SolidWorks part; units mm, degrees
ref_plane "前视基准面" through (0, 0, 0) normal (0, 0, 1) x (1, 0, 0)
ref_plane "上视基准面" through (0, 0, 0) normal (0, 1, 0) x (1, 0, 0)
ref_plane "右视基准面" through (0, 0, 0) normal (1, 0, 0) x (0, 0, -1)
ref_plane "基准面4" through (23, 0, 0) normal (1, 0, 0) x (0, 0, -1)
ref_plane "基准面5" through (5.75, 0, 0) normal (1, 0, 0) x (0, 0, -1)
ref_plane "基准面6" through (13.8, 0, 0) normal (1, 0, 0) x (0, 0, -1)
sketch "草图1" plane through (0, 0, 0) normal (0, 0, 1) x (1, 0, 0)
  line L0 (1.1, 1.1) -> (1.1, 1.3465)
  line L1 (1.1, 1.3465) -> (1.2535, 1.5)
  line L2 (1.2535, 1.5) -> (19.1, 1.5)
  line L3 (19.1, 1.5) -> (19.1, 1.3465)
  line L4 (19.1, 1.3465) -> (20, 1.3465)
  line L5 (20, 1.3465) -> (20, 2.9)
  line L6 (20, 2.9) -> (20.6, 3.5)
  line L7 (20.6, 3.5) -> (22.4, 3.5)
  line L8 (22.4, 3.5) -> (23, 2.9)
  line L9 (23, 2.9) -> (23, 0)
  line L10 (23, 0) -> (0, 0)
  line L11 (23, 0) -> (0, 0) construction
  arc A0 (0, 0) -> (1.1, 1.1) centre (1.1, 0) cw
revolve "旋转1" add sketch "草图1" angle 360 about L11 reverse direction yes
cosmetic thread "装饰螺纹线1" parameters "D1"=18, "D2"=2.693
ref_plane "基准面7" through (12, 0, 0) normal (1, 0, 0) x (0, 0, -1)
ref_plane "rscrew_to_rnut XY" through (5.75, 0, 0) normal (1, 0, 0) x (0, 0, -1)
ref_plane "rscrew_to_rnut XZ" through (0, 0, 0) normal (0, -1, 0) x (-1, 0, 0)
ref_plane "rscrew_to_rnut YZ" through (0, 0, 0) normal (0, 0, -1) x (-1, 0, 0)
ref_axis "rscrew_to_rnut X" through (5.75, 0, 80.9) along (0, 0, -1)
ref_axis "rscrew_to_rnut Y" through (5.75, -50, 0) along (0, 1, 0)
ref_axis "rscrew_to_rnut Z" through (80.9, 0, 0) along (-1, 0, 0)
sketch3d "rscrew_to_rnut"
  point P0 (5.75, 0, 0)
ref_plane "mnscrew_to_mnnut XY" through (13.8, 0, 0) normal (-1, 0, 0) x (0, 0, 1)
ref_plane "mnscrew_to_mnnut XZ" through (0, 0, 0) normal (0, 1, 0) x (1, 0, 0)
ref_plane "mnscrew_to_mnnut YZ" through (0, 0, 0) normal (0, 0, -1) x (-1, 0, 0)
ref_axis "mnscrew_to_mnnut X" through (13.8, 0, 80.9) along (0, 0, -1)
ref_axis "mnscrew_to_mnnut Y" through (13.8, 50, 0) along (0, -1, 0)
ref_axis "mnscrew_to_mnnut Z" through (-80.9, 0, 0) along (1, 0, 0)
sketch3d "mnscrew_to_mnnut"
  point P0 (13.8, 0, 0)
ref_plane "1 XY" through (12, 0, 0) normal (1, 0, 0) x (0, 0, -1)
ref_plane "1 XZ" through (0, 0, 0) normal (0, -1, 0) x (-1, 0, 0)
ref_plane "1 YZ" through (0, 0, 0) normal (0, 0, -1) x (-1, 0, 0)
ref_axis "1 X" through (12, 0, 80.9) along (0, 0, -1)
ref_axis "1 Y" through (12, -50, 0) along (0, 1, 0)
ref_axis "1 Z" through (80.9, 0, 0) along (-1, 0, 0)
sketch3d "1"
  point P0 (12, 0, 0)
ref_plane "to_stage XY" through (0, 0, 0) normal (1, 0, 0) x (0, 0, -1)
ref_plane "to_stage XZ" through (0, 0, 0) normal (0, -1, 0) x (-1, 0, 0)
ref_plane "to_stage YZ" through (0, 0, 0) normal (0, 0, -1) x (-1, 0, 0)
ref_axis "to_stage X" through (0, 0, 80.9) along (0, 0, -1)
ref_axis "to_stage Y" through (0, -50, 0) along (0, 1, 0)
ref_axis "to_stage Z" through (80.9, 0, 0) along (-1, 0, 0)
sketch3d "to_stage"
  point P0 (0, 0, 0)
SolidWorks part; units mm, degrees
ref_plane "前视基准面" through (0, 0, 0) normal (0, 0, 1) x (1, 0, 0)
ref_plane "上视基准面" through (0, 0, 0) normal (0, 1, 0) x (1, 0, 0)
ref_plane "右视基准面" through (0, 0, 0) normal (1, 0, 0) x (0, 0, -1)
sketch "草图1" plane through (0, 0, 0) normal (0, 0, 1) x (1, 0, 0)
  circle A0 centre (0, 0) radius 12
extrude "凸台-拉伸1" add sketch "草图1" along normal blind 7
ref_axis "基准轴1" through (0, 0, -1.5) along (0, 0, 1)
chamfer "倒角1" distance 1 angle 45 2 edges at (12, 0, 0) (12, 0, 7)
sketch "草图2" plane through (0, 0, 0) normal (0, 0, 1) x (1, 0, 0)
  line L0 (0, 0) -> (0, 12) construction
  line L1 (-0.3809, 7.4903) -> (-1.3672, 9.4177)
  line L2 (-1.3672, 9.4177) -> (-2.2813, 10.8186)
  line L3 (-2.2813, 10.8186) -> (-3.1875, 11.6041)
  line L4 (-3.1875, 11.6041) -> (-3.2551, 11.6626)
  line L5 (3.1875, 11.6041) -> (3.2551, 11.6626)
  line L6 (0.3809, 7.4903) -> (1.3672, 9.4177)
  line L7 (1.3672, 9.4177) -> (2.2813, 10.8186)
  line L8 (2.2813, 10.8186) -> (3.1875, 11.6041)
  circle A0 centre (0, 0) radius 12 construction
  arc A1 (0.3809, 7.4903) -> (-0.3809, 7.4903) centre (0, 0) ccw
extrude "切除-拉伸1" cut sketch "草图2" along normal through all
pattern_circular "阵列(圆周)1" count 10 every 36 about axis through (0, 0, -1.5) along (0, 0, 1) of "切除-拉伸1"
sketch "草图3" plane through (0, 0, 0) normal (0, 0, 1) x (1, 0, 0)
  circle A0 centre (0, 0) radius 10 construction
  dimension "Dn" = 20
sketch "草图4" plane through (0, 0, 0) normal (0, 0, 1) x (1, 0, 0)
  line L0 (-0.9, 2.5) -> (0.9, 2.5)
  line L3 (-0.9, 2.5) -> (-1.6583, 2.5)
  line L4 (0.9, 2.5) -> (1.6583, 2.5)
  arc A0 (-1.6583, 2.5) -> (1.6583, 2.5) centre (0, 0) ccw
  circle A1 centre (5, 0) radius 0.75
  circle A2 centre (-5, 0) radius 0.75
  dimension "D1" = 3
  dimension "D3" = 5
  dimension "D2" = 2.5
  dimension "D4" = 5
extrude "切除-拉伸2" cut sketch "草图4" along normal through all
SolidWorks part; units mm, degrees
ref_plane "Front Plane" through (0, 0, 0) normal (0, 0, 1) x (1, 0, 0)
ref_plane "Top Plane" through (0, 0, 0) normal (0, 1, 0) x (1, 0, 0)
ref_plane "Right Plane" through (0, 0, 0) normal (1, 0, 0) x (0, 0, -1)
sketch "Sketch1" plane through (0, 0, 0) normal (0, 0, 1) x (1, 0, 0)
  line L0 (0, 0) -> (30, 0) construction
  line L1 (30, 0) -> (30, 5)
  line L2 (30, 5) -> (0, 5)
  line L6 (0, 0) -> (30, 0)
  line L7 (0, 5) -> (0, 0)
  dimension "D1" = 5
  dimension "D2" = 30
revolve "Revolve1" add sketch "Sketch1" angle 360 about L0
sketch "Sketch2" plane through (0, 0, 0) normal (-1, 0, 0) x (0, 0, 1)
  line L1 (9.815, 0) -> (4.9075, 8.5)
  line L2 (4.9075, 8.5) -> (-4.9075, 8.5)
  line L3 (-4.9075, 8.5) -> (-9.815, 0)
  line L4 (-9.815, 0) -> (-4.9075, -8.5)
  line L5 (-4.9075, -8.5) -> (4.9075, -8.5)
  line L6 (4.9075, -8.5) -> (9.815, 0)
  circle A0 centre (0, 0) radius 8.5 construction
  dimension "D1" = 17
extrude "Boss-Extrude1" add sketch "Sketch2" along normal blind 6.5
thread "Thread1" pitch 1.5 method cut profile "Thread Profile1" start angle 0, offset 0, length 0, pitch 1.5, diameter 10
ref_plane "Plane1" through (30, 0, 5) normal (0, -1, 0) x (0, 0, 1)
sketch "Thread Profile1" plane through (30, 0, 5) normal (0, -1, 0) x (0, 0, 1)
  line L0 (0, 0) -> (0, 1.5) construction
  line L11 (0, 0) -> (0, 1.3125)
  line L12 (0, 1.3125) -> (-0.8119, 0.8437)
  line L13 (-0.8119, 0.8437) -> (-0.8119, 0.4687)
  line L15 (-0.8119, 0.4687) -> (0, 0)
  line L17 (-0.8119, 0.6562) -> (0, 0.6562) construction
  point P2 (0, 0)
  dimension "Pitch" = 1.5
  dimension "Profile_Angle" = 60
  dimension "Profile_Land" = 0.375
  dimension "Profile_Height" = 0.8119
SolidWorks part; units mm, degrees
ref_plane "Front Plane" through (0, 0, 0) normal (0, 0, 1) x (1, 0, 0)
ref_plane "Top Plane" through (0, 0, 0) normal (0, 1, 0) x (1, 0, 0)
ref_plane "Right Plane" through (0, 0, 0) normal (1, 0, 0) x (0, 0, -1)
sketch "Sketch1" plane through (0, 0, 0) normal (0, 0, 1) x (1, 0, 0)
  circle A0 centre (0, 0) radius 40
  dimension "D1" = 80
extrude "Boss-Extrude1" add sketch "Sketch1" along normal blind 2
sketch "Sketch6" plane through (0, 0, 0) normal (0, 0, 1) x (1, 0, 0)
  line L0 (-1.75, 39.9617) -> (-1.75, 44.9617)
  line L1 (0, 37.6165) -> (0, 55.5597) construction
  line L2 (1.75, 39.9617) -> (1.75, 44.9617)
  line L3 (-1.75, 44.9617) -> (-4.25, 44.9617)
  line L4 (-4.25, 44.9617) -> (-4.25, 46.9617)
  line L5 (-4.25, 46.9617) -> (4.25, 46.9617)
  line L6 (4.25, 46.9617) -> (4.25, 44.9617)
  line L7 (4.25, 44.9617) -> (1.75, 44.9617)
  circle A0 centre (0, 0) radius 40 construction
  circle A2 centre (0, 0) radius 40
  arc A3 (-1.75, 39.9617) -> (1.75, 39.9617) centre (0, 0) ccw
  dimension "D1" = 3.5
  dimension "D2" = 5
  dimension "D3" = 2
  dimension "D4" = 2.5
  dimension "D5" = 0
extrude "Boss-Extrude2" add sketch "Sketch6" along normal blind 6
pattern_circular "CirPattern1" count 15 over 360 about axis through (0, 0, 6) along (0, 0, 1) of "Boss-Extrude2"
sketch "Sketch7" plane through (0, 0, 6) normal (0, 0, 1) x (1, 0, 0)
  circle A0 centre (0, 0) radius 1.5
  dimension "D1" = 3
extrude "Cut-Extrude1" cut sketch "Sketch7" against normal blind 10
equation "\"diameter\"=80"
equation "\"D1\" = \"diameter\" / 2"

************

WHAT IS REQUIRED
Each line from the start of the listing above through the line containing "line L3 (19.1, 1.5) -> (19.1, 1.3465)" should be copied exactly, please, with no other lines added.

OUTPUT
SolidWorks part; units mm, degrees
ref_plane "前视基准面" through (0, 0, 0) normal (0, 0, 1) x (1, 0, 0)
ref_plane "上视基准面" through (0, 0, 0) normal (0, 1, 0) x (1, 0, 0)
ref_plane "右视基准面" through (0, 0, 0) normal (1, 0, 0) x (0, 0, -1)
ref_plane "基准面4" through (23, 0, 0) normal (1, 0, 0) x (0, 0, -1)
ref_plane "基准面5" through (5.75, 0, 0) normal (1, 0, 0) x (0, 0, -1)
ref_plane "基准面6" through (13.8, 0, 0) normal (1, 0, 0) x (0, 0, -1)
sketch "草图1" plane through (0, 0, 0) normal (0, 0, 1) x (1, 0, 0)
  line L0 (1.1, 1.1) -> (1.1, 1.3465)
  line L1 (1.1, 1.3465) -> (1.2535, 1.5)
  line L2 (1.2535, 1.5) -> (19.1, 1.5)
  line L3 (19.1, 1.5) -> (19.1, 1.3465)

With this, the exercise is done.